### Try it:
Nothing outside the range below should be printed. Output exactly the lines from the line with "doc.units = 0" to the line with "(59.282, 183.578)], dxfattribs=at)", both included.
━━━━━━━━━━━━━━━━
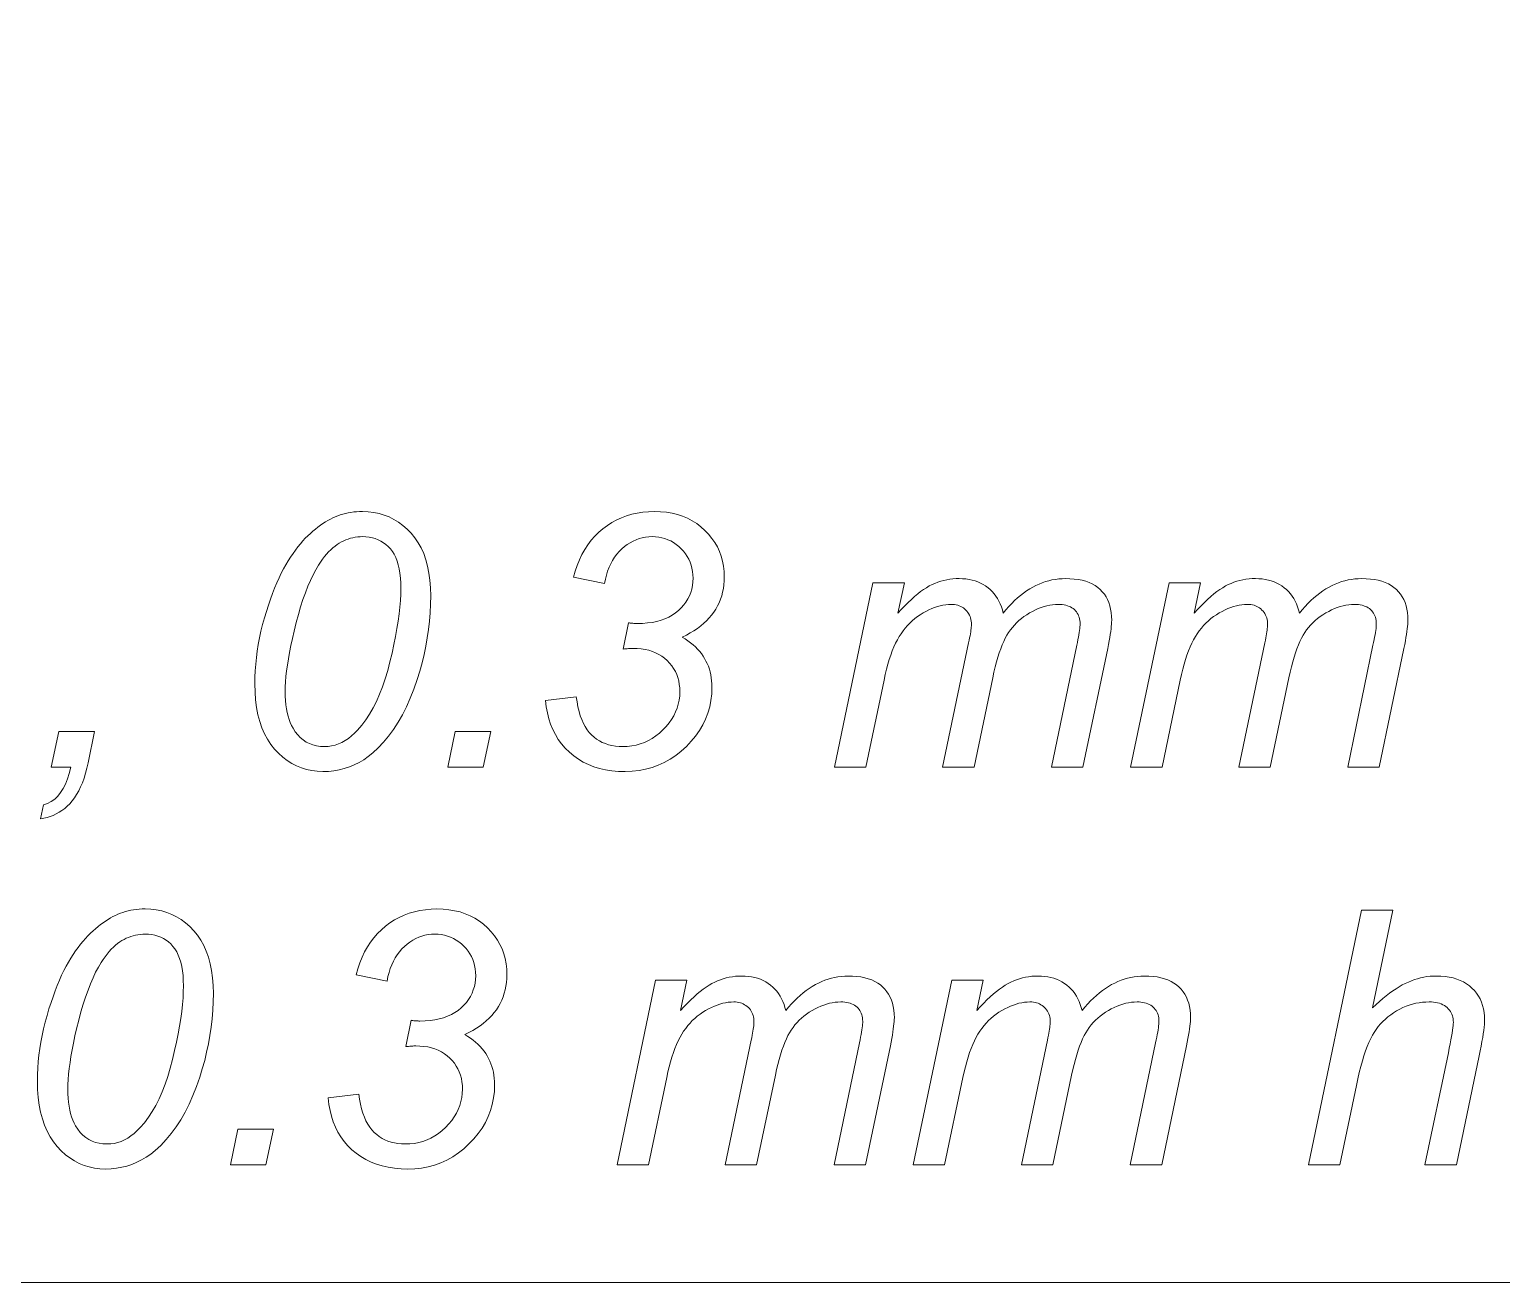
# Model space of a CAD drawing. Extents: x 0 to 420, y 0 to 594.
# Drawn here: x 80.22 to 97.57, y 183.58 to 198.34 of the extents above; entities that cross this region are included whole.
import ezdxf

# ---------------------------------------------------------------- set-up
doc = ezdxf.new("R2010")
doc.units = 0

msp = doc.modelspace()

# ---------------------------------------------------------------- linework, layer by layer
at = {"lineweight": 13}
msp.add_lwpolyline([(131.378, 270.647), (117.721, 183.578), (59.282, 183.578)], dxfattribs=at)
for points in [[(82.875, 190.632), (82.876, 190.709), (82.879, 190.785), (82.885, 190.862), (82.893, 190.939), (82.903, 191.016), (82.916, 191.094), (82.93, 191.171), (82.947, 191.249), (82.967, 191.328), (82.988, 191.406), (83.011, 191.483), (83.035, 191.557), (83.059, 191.628), (83.083, 191.695), (83.108, 191.759), (83.134, 191.821), (83.16, 191.879), (83.186, 191.934), (83.214, 191.986), (83.241, 192.034), (83.269, 192.08), (83.297, 192.124), (83.326, 192.166), (83.354, 192.206), (83.383, 192.244), (83.412, 192.28), (83.441, 192.314), (83.47, 192.345), (83.5, 192.375), (83.53, 192.403), (83.559, 192.428), (83.589, 192.453), (83.619, 192.476), (83.648, 192.498), (83.678, 192.518), (83.707, 192.537), (83.736, 192.554), (83.765, 192.57), (83.794, 192.585), (83.823, 192.598), (83.852, 192.61), (83.882, 192.62), (83.913, 192.63), (83.944, 192.638), (83.975, 192.645), (84.008, 192.65), (84.041, 192.655), (84.074, 192.658), (84.109, 192.66), (84.144, 192.66), (84.211, 192.658), (84.277, 192.65), (84.34, 192.637), (84.4, 192.619), (84.459, 192.596), (84.515, 192.568), (84.569, 192.535), (84.621, 192.497), (84.67, 192.453), (84.718, 192.405), (84.761, 192.351), (84.8, 192.293), (84.835, 192.231), (84.865, 192.164), (84.89, 192.092), (84.911, 192.016), (84.927, 191.935), (84.939, 191.85), (84.945, 191.76), (84.948, 191.666), (84.946, 191.567), (84.941, 191.467), (84.933, 191.368), (84.922, 191.27), (84.908, 191.171), (84.89, 191.073), (84.87, 190.975), (84.846, 190.877), (84.818, 190.779), (84.788, 190.682), (84.749, 190.569), (84.707, 190.462), (84.662, 190.361), (84.614, 190.266), (84.563, 190.177), (84.509, 190.093), (84.452, 190.015), (84.393, 189.943), (84.33, 189.877), (84.264, 189.816), (84.212, 189.774), (84.158, 189.737), (84.103, 189.704), (84.047, 189.676), (83.989, 189.652), (83.929, 189.632), (83.868, 189.617), (83.806, 189.606), (83.742, 189.599), (83.677, 189.597), (83.61, 189.6), (83.546, 189.608), (83.484, 189.621), (83.424, 189.639), (83.366, 189.663), (83.31, 189.692), (83.256, 189.727), (83.204, 189.767), (83.155, 189.812), (83.107, 189.862), (83.063, 189.917), (83.023, 189.978), (82.989, 190.043), (82.958, 190.112), (82.933, 190.187), (82.912, 190.267), (82.896, 190.351), (82.884, 190.44), (82.877, 190.534)], [(86.302, 190.434), (86.663, 190.479), (86.672, 190.418), (86.683, 190.36), (86.696, 190.306), (86.711, 190.255), (86.728, 190.209), (86.747, 190.165), (86.769, 190.126), (86.792, 190.089), (86.817, 190.057), (86.844, 190.028), (86.873, 190.002), (86.903, 189.979), (86.936, 189.958), (86.97, 189.941), (87.006, 189.926), (87.043, 189.913), (87.083, 189.904), (87.124, 189.897), (87.167, 189.893), (87.211, 189.892), (87.265, 189.894), (87.318, 189.9), (87.369, 189.909), (87.418, 189.923), (87.467, 189.941), (87.513, 189.962), (87.558, 189.988), (87.602, 190.017), (87.644, 190.051), (87.685, 190.088), (87.723, 190.128), (87.757, 190.169), (87.787, 190.211), (87.812, 190.254), (87.834, 190.299), (87.852, 190.344), (87.866, 190.391), (87.876, 190.439), (87.882, 190.488), (87.884, 190.538), (87.883, 190.582), (87.878, 190.624), (87.871, 190.664), (87.86, 190.703), (87.847, 190.74), (87.831, 190.776), (87.811, 190.81), (87.789, 190.843), (87.763, 190.874), (87.735, 190.904), (87.704, 190.931), (87.671, 190.956), (87.636, 190.977), (87.599, 190.996), (87.56, 191.012), (87.519, 191.025), (87.476, 191.035), (87.43, 191.042), (87.383, 191.046), (87.334, 191.048), (87.328, 191.048), (87.32, 191.048), (87.311, 191.047), (87.301, 191.047), (87.29, 191.046), (87.277, 191.045), (87.264, 191.044), (87.249, 191.043), (87.233, 191.041), (87.215, 191.04), (87.279, 191.349), (87.289, 191.347), (87.3, 191.346), (87.31, 191.344), (87.321, 191.343), (87.331, 191.343), (87.341, 191.342), (87.351, 191.341), (87.361, 191.341), (87.371, 191.341), (87.381, 191.34), (87.443, 191.342), (87.502, 191.347), (87.558, 191.354), (87.611, 191.365), (87.662, 191.379), (87.709, 191.396), (87.753, 191.416), (87.795, 191.439), (87.833, 191.466), (87.869, 191.495), (87.901, 191.527), (87.93, 191.56), (87.956, 191.594), (87.978, 191.63), (87.997, 191.667), (88.013, 191.706), (88.024, 191.746), (88.033, 191.787), (88.038, 191.83), (88.04, 191.875), (88.038, 191.915), (88.034, 191.955), (88.027, 191.993), (88.017, 192.029), (88.005, 192.065), (87.989, 192.099), (87.971, 192.132), (87.95, 192.163), (87.926, 192.194), (87.9, 192.222), (87.871, 192.249), (87.841, 192.273), (87.81, 192.294), (87.778, 192.313), (87.744, 192.328), (87.709, 192.341), (87.673, 192.351), (87.635, 192.358), (87.597, 192.362), (87.557, 192.364), (87.518, 192.362), (87.479, 192.358), (87.441, 192.351), (87.404, 192.341), (87.368, 192.328), (87.333, 192.312), (87.299, 192.293), (87.265, 192.271), (87.232, 192.247), (87.2, 192.219), (87.169, 192.189), (87.141, 192.157), (87.115, 192.122), (87.091, 192.085), (87.07, 192.045), (87.05, 192.003), (87.033, 191.959), (87.019, 191.912), (87.006, 191.863), (86.996, 191.811), (86.632, 191.885), (86.652, 191.957), (86.675, 192.026), (86.701, 192.092), (86.73, 192.154), (86.763, 192.213), (86.8, 192.269), (86.839, 192.321), (86.882, 192.37), (86.928, 192.416), (86.978, 192.458), (87.03, 192.496), (87.084, 192.531), (87.14, 192.561), (87.197, 192.587), (87.257, 192.61), (87.319, 192.628), (87.382, 192.642), (87.447, 192.652), (87.514, 192.658), (87.584, 192.66), (87.656, 192.658), (87.725, 192.651), (87.792, 192.64), (87.856, 192.625), (87.917, 192.605), (87.975, 192.58), (88.031, 192.551), (88.083, 192.518), (88.133, 192.48), (88.18, 192.437), (88.223, 192.392), (88.262, 192.344), (88.296, 192.294), (88.326, 192.243), (88.351, 192.189), (88.372, 192.133), (88.388, 192.075), (88.399, 192.015), (88.406, 191.953), (88.408, 191.889), (88.407, 191.842), (88.403, 191.796), (88.397, 191.752), (88.388, 191.709), (88.377, 191.667), (88.364, 191.626), (88.348, 191.586), (88.329, 191.548), (88.308, 191.511), (88.284, 191.475), (88.258, 191.44), (88.23, 191.406), (88.199, 191.374), (88.166, 191.343), (88.13, 191.313), (88.091, 191.284), (88.05, 191.256), (88.007, 191.23), (87.961, 191.205), (87.913, 191.181), (87.947, 191.16), (87.98, 191.137), (88.011, 191.114), (88.04, 191.09), (88.067, 191.066), (88.092, 191.04), (88.116, 191.014), (88.138, 190.986), (88.158, 190.958), (88.176, 190.929), (88.192, 190.899), (88.207, 190.869), (88.22, 190.837), (88.232, 190.804), (88.241, 190.771), (88.249, 190.737), (88.255, 190.702), (88.259, 190.666), (88.262, 190.629), (88.263, 190.592), (88.26, 190.512), (88.251, 190.435), (88.236, 190.359), (88.215, 190.286), (88.187, 190.215), (88.154, 190.146), (88.115, 190.08), (88.07, 190.015), (88.018, 189.953), (87.961, 189.893), (87.9, 189.836), (87.836, 189.786), (87.769, 189.742), (87.701, 189.703), (87.63, 189.671), (87.557, 189.644), (87.481, 189.624), (87.403, 189.609), (87.322, 189.6), (87.24, 189.597), (87.16, 189.599), (87.083, 189.606), (87.009, 189.618), (86.939, 189.633), (86.872, 189.654), (86.807, 189.679), (86.746, 189.709), (86.688, 189.743), (86.634, 189.782), (86.582, 189.825), (86.534, 189.872), (86.49, 189.923), (86.451, 189.976), (86.417, 190.032), (86.387, 190.091), (86.361, 190.154), (86.34, 190.219), (86.323, 190.288), (86.31, 190.359)], [(83.233, 190.538), (83.234, 190.484), (83.237, 190.433), (83.241, 190.383), (83.248, 190.337), (83.256, 190.292), (83.266, 190.25), (83.278, 190.211), (83.292, 190.174), (83.307, 190.139), (83.325, 190.107), (83.351, 190.066), (83.38, 190.029), (83.411, 189.997), (83.444, 189.969), (83.48, 189.945), (83.518, 189.926), (83.559, 189.911), (83.602, 189.9), (83.647, 189.894), (83.695, 189.892), (83.738, 189.894), (83.78, 189.899), (83.821, 189.909), (83.861, 189.923), (83.901, 189.94), (83.939, 189.962), (83.977, 189.987), (84.014, 190.016), (84.051, 190.049), (84.086, 190.086), (84.136, 190.143), (84.183, 190.206), (84.227, 190.274), (84.269, 190.346), (84.309, 190.424), (84.345, 190.507), (84.38, 190.595), (84.412, 190.688), (84.441, 190.786), (84.468, 190.889), (84.492, 190.993), (84.514, 191.093), (84.533, 191.189), (84.55, 191.282), (84.564, 191.37), (84.575, 191.454), (84.584, 191.535), (84.591, 191.612), (84.595, 191.685), (84.596, 191.754), (84.595, 191.817), (84.591, 191.876), (84.585, 191.932), (84.576, 191.984), (84.565, 192.032), (84.551, 192.077), (84.535, 192.118), (84.517, 192.156), (84.496, 192.19), (84.472, 192.22), (84.446, 192.248), (84.419, 192.272), (84.391, 192.293), (84.36, 192.312), (84.328, 192.328), (84.295, 192.341), (84.26, 192.351), (84.223, 192.358), (84.185, 192.362), (84.146, 192.364), (84.116, 192.363), (84.087, 192.361), (84.059, 192.357), (84.031, 192.352), (84.003, 192.345), (83.976, 192.336), (83.949, 192.327), (83.922, 192.315), (83.896, 192.302), (83.87, 192.288), (83.845, 192.272), (83.82, 192.253), (83.795, 192.233), (83.77, 192.21), (83.745, 192.185), (83.721, 192.158), (83.697, 192.129), (83.673, 192.097), (83.649, 192.064), (83.626, 192.028), (83.593, 191.974), (83.561, 191.914), (83.53, 191.849), (83.5, 191.779), (83.471, 191.704), (83.442, 191.623), (83.415, 191.538), (83.388, 191.447), (83.362, 191.351), (83.337, 191.25), (83.317, 191.164), (83.3, 191.081), (83.284, 191.001), (83.27, 190.924), (83.259, 190.851), (83.25, 190.782), (83.242, 190.716), (83.237, 190.653), (83.234, 190.594)], [(89.706, 189.648), (90.16, 191.821), (90.53, 191.821), (90.455, 191.463), (90.495, 191.508), (90.536, 191.55), (90.575, 191.589), (90.613, 191.625), (90.65, 191.659), (90.687, 191.689), (90.722, 191.717), (90.757, 191.742), (90.791, 191.763), (90.824, 191.783), (90.857, 191.799), (90.89, 191.814), (90.924, 191.827), (90.959, 191.839), (90.994, 191.849), (91.029, 191.856), (91.065, 191.863), (91.102, 191.867), (91.139, 191.87), (91.177, 191.87), (91.217, 191.869), (91.255, 191.866), (91.293, 191.861), (91.328, 191.853), (91.363, 191.844), (91.396, 191.832), (91.428, 191.818), (91.459, 191.802), (91.488, 191.783), (91.516, 191.763), (91.542, 191.741), (91.566, 191.717), (91.589, 191.691), (91.61, 191.664), (91.628, 191.634), (91.645, 191.604), (91.661, 191.571), (91.674, 191.537), (91.685, 191.501), (91.695, 191.463), (91.728, 191.503), (91.762, 191.541), (91.796, 191.577), (91.83, 191.61), (91.865, 191.642), (91.9, 191.672), (91.935, 191.699), (91.971, 191.725), (92.007, 191.748), (92.044, 191.769), (92.08, 191.788), (92.118, 191.806), (92.155, 191.821), (92.193, 191.834), (92.232, 191.845), (92.27, 191.854), (92.31, 191.861), (92.349, 191.866), (92.389, 191.869), (92.429, 191.87), (92.482, 191.869), (92.533, 191.865), (92.58, 191.859), (92.625, 191.85), (92.667, 191.838), (92.707, 191.824), (92.744, 191.807), (92.778, 191.788), (92.809, 191.766), (92.838, 191.742), (92.863, 191.715), (92.887, 191.686), (92.907, 191.655), (92.925, 191.622), (92.94, 191.587), (92.952, 191.549), (92.961, 191.51), (92.968, 191.469), (92.972, 191.425), (92.974, 191.379), (92.973, 191.358), (92.972, 191.334), (92.969, 191.307), (92.966, 191.278), (92.962, 191.246), (92.957, 191.212), (92.951, 191.175), (92.944, 191.135), (92.936, 191.093), (92.927, 191.048), (92.634, 189.648), (92.264, 189.648), (92.562, 191.085), (92.57, 191.119), (92.576, 191.151), (92.582, 191.181), (92.587, 191.209), (92.592, 191.236), (92.595, 191.26), (92.598, 191.282), (92.6, 191.302), (92.601, 191.32), (92.601, 191.336), (92.601, 191.357), (92.599, 191.377), (92.595, 191.396), (92.59, 191.414), (92.584, 191.432), (92.577, 191.448), (92.568, 191.463), (92.558, 191.478), (92.547, 191.491), (92.534, 191.504), (92.52, 191.516), (92.504, 191.526), (92.488, 191.536), (92.471, 191.543), (92.452, 191.55), (92.433, 191.556), (92.412, 191.56), (92.39, 191.563), (92.367, 191.565), (92.343, 191.566), (92.31, 191.565), (92.277, 191.562), (92.243, 191.557), (92.21, 191.55), (92.176, 191.541), (92.142, 191.529), (92.108, 191.516), (92.074, 191.501), (92.04, 191.484), (92.006, 191.465), (91.972, 191.445), (91.94, 191.423), (91.91, 191.4), (91.881, 191.375), (91.853, 191.349), (91.827, 191.323), (91.803, 191.294), (91.78, 191.265), (91.758, 191.234), (91.739, 191.202), (91.72, 191.168), (91.702, 191.13), (91.684, 191.089), (91.666, 191.044), (91.649, 190.996), (91.633, 190.944), (91.617, 190.889), (91.602, 190.83), (91.586, 190.768), (91.572, 190.702), (91.351, 189.648), (90.981, 189.648), (91.287, 191.115), (91.294, 191.144), (91.299, 191.172), (91.304, 191.197), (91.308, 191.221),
━━━━━━━━━━━━━━━━
### Reply:
doc.units = 0

msp = doc.modelspace()

# ---------------------------------------------------------------- linework, layer by layer
at = {"lineweight": 13}
msp.add_lwpolyline([(131.378, 270.647), (117.721, 183.578), (59.282, 183.578)], dxfattribs=at)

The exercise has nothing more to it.